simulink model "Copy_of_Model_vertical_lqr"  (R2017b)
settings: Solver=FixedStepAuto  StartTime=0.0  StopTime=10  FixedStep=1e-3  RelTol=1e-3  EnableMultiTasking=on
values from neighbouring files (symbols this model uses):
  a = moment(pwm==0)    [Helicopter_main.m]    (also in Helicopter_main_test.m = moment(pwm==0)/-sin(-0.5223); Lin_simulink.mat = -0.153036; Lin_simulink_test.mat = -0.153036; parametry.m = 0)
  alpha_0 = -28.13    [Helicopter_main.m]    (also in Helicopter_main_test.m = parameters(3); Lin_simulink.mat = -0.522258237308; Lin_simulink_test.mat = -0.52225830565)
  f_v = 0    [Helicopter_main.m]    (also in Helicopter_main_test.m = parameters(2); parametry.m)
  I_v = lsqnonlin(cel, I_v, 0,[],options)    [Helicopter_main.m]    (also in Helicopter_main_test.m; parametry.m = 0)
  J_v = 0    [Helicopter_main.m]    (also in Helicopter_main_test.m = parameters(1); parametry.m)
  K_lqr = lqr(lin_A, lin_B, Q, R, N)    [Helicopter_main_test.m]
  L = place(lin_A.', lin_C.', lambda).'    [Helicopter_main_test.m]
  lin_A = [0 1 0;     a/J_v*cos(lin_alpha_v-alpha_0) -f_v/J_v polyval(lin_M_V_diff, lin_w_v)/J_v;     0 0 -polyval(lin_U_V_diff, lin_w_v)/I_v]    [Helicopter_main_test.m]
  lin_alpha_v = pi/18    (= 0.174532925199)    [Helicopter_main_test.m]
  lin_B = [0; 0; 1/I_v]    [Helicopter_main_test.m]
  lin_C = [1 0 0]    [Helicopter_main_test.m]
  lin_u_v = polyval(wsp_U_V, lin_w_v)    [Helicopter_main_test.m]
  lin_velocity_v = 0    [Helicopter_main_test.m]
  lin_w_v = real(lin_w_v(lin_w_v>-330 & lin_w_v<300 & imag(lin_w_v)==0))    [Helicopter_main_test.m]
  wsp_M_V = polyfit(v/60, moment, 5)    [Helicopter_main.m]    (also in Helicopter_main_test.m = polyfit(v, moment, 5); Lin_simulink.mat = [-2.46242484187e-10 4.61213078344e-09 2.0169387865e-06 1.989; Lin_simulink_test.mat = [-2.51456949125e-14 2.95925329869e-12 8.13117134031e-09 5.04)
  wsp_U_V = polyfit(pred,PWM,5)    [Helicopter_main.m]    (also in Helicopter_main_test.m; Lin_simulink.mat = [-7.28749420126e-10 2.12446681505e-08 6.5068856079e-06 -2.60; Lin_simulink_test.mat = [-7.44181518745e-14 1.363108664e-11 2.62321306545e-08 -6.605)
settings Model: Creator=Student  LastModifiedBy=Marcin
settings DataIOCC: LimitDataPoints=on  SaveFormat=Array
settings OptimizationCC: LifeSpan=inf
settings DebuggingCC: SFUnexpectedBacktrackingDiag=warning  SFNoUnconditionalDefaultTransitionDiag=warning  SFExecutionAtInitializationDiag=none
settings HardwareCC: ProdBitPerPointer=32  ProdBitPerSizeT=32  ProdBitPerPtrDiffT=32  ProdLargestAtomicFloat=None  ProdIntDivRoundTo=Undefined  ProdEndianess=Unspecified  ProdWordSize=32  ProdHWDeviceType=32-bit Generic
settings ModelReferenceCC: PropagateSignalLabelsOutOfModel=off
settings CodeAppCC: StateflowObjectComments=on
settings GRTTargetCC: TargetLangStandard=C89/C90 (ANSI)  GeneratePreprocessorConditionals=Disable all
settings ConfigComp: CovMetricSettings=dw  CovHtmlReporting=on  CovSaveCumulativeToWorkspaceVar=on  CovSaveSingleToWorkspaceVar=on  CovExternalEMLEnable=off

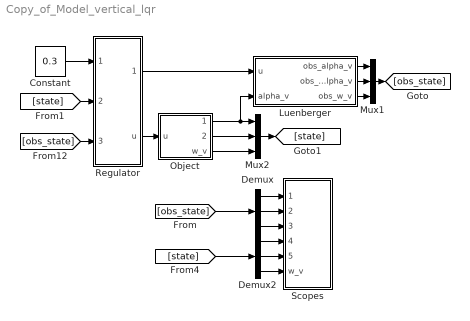
== system Copy_of_Model_vertical_lqr ==
  Constant : Constant  Value=0.3
  Demux : Demux  Outputs=3
  Demux2 : Demux  Outputs=3
  Luenberger : Subsystem
  Mux1 : Mux  Inputs=3
  Mux2 : Mux  Inputs=3
  Object : Subsystem
  Regulator : Subsystem
  Scopes : Subsystem
  wires:
  Object/1(alpha_v) -> Luenberger/2(alpha_v), Mux2/1
  Luenberger/2(obs_dalpha_v) -> Mux1/2
  Luenberger/1(obs_alpha_v) -> Mux1/1
  Luenberger/3(obs_w_v) -> Mux1/3
  Mux1/1 -> [obs_state]
  Mux2/1 -> [state]
  Object/3(w_v) -> Mux2/3
  Object/2(dalpha_v) -> Mux2/2
  Demux/1 -> Scopes/1(obs_alpha_v)
  Demux/2 -> Scopes/2(obs_dalpha_v)
  Demux/3 -> Scopes/3(obs_w_v)
  Demux2/2 -> Scopes/5(dalpha_v)
  Demux2/3 -> Scopes/6(w_v)
  Demux2/1 -> Scopes/4(alpha_v)
  [obs_state] -> Demux/1
  [state] -> Demux2/1
  Constant/1 -> Regulator/1(set point)
  [state] -> Regulator/2(state)
  [obs_state] -> Regulator/3(obs_state)
  Regulator/2(u) -> Object/1(u)
  Regulator/1(obs_u) -> Luenberger/1(u)

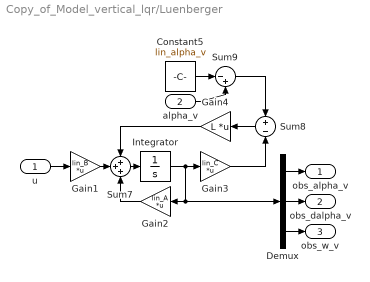
== system Copy_of_Model_vertical_lqr/Luenberger ==
  u : Inport
  alpha_v : Inport  Port=2
  Constant5 : Constant  Value=lin_alpha_v
  Demux : Demux  Outputs=3
  Gain1 : Gain  Gain=lin_B  Multiplication=Matrix(K*u)
  Gain2 : Gain  Gain=lin_A  Multiplication=Matrix(K*u)
  Gain3 : Gain  Gain=lin_C  Multiplication=Matrix(K*u)
  Gain4 : Gain  Gain=L  Multiplication=Matrix(K*u)
  Integrator : Integrator  InitialCondition=[0;0;0]
  Sum7 : Sum  Inputs=+++
  Sum8 : Sum  Inputs=+|-
  Sum9 : Sum  Inputs=|-+
  obs_alpha_v : Outport
  obs_dalpha_v : Outport  Port=2
  obs_w_v : Outport  Port=3
  wires:
  u/1 -> Gain1/1
  alpha_v/1 -> Sum9/2
  Sum7/1 -> Integrator/1
  Gain2/1 -> Sum7/3
  Integrator/1 -> Gain3/1, Demux/1, Gain2/1
  Gain3/1 -> Sum8/2
  Gain1/1 -> Sum7/2
  Sum8/1 -> Gain4/1
  Gain4/1 -> Sum7/1
  Demux/1 -> obs_alpha_v/1
  Demux/2 -> obs_dalpha_v/1
  Demux/3 -> obs_w_v/1
  Constant5/1 -> Sum9/1
  Sum9/1 -> Sum8/1

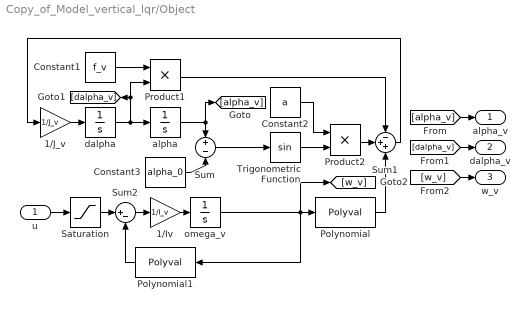
== system Copy_of_Model_vertical_lqr/Object ==
  u : Inport
  1/Iv : Gain  Gain=1/I_v
  1/J_v : Gain  Gain=1/J_v
  Constant1 : Constant  Value=f_v
  Constant2 : Constant  Value=a
  Constant3 : Constant  Value=alpha_0
  Polynomial : Polyval  Coefs=wsp_M_V
  Polynomial1 : Polyval  Coefs=wsp_U_V
  Product1 : Product
  Product2 : Product
  Saturation : Saturate  UpperLimit=1  LowerLimit=-1
  Sum : Sum  Inputs=+|-
  Sum1 : Sum  Inputs=-++
  Sum2 : Sum  Inputs=|+-
  Trigonometric Function : Trigonometry
  alpha : Integrator  InitialCondition=lin_alpha_v+0.1
  dalpha : Integrator  InitialCondition=lin_velocity_v
  omega_v : Integrator  InitialCondition=lin_w_v
  alpha_v : Outport
  dalpha_v : Outport  Port=2
  w_v : Outport  Port=3
  wires:
  dalpha/1 -> [dalpha_v], Product1/2, alpha/1
  Trigonometric Function/1 -> Product2/2
  Polynomial1/1 -> Sum2/2
  Sum/1 -> Trigonometric Function/1
  omega_v/1 -> [w_v], Polynomial1/1, Polynomial/1
  Constant2/1 -> Product2/1
  1/J_v/1 -> dalpha/1
  1/Iv/1 -> omega_v/1
  alpha/1 -> [alpha_v], Sum/1
  Sum2/1 -> 1/Iv/1
  Polynomial/1 -> Sum1/3
  Constant3/1 -> Sum/2
  Product2/1 -> Sum1/2
  Constant1/1 -> Product1/1
  Product1/1 -> Sum1/1
  Sum1/1 -> 1/J_v/1
  Saturation/1 -> Sum2/1
  u/1 -> Saturation/1
  [alpha_v] -> alpha_v/1
  [dalpha_v] -> dalpha_v/1
  [w_v] -> w_v/1

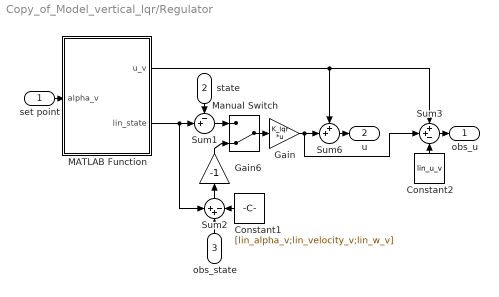
== system Copy_of_Model_vertical_lqr/Regulator ==
  set point : Inport
  state : Inport  Port=2
  obs_state : Inport  Port=3
  Constant1 : Constant  Value=[lin_alpha_v;lin_velocity_v;lin_w_v]
  Constant2 : Constant  Value=lin_u_v
  Gain : Gain  Gain=K_lqr  Multiplication=Matrix(K*u)
  Gain6 : Gain  Gain=-1
  MATLAB Function : MATLAB Function  TreatAsAtomicUnit=on
  Manual Switch : ManualSwitch  CurrentSetting=0
  Sum1 : Sum  Inputs=-+|
  Sum2 : Sum  Inputs=++-
  Sum3 : Sum  Inputs=++-
  Sum6 : Sum  Inputs=++|
  obs_u : Outport
  u : Outport  Port=2
  wires:
  MATLAB Function/1(u_v) -> Sum6/1, Sum3/1
  set point/1 -> MATLAB Function/1(alpha_v)
  Gain6/1 -> Manual Switch/2
  Manual Switch/1 -> Gain/1
  Sum6/1 -> u/1
  Gain/1 -> Sum3/2, Sum6/2
  Sum1/1 -> Manual Switch/1
  obs_state/1 -> Sum2/2
  state/1 -> Sum1/1
  MATLAB Function/2(lin_state) -> Sum2/1, Sum1/2
  Constant1/1 -> Sum2/3
  Sum2/1 -> Gain6/1
  Sum3/1 -> obs_u/1
  Constant2/1 -> Sum3/3

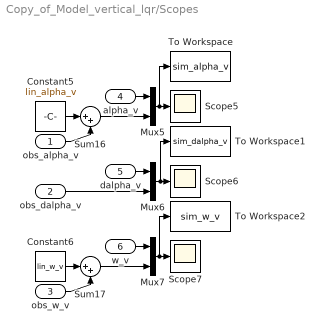
== system Copy_of_Model_vertical_lqr/Scopes ==
  obs_alpha_v : Inport
  obs_dalpha_v : Inport  Port=2
  obs_w_v : Inport  Port=3
  alpha_v : Inport  Port=4
  dalpha_v : Inport  Port=5
  w_v : Inport  Port=6
  Constant5 : Constant  Value=lin_alpha_v
  Constant6 : Constant  Value=lin_w_v
  Mux5 : Mux  Inputs=2
  Mux6 : Mux  Inputs=2
  Mux7 : Mux  Inputs=2
  Scope5 : Scope
  Scope6 : Scope
  Scope7 : Scope
  Sum16 : Sum  Inputs=|++
  Sum17 : Sum  Inputs=|++
  To Workspace : ToWorkspace  VariableName=sim_alpha_v  SampleTime=-1
  To Workspace1 : ToWorkspace  VariableName=sim_dalpha_v  SampleTime=-1
  To Workspace2 : ToWorkspace  VariableName=sim_w_v  SampleTime=-1
  wires:
  Mux7/1 -> To Workspace2/1, Scope7/1
  Sum17/1 -> Mux7/2
  Sum16/1 -> Mux5/2
  Mux5/1 -> To Workspace/1, Scope5/1
  Constant5/1 -> Sum16/1
  alpha_v/1 -> Mux5/1
  dalpha_v/1 -> Mux6/1
  w_v/1 -> Mux7/1
  obs_alpha_v/1 -> Sum16/2
  obs_dalpha_v/1 -> Mux6/2
  Constant6/1 -> Sum17/1
  obs_w_v/1 -> Sum17/2
  Mux6/1 -> To Workspace1/1, Scope6/1

== matlab function Copy_of_Model_vertical_lqr/Regulator/MATLAB Function ==
  data: u_v output double size=1 [0..1]; alpha_v input; lin_state output
function [u_v, lin_state] = Lin(alpha_v)

const = load('Lin_simulink_test.mat');
w_v = roots(const.wsp_M_V+[zeros(1,length(const.wsp_M_V)-1) const.a*sin(alpha_v-const.alpha_0)]);
w_v = real(w_v(w_v>-350 & w_v<350 & imag(w_v)==0));
w_v = w_v(1);
u_v = polyval(const.wsp_U_V, w_v);
u_v = u_v(1);
lin_state = [alpha_v; 0; w_v];

### Task requirements:
Please return only the lines from the one that contains "Mux5/1 -> To Workspace/1, Scope5/1" through the final line of the entries, each exactly as written.

### Response below:
  Mux5/1 -> To Workspace/1, Scope5/1
  Constant5/1 -> Sum16/1
  alpha_v/1 -> Mux5/1
  dalpha_v/1 -> Mux6/1
  w_v/1 -> Mux7/1
  obs_alpha_v/1 -> Sum16/2
  obs_dalpha_v/1 -> Mux6/2
  Constant6/1 -> Sum17/1
  obs_w_v/1 -> Sum17/2
  Mux6/1 -> To Workspace1/1, Scope6/1

== matlab function Copy_of_Model_vertical_lqr/Regulator/MATLAB Function ==
  data: u_v output double size=1 [0..1]; alpha_v input; lin_state output
function [u_v, lin_state] = Lin(alpha_v)

const = load('Lin_simulink_test.mat');
w_v = roots(const.wsp_M_V+[zeros(1,length(const.wsp_M_V)-1) const.a*sin(alpha_v-const.alpha_0)]);
w_v = real(w_v(w_v>-350 & w_v<350 & imag(w_v)==0));
w_v = w_v(1);
u_v = polyval(const.wsp_U_V, w_v);
u_v = u_v(1);
lin_state = [alpha_v; 0; w_v];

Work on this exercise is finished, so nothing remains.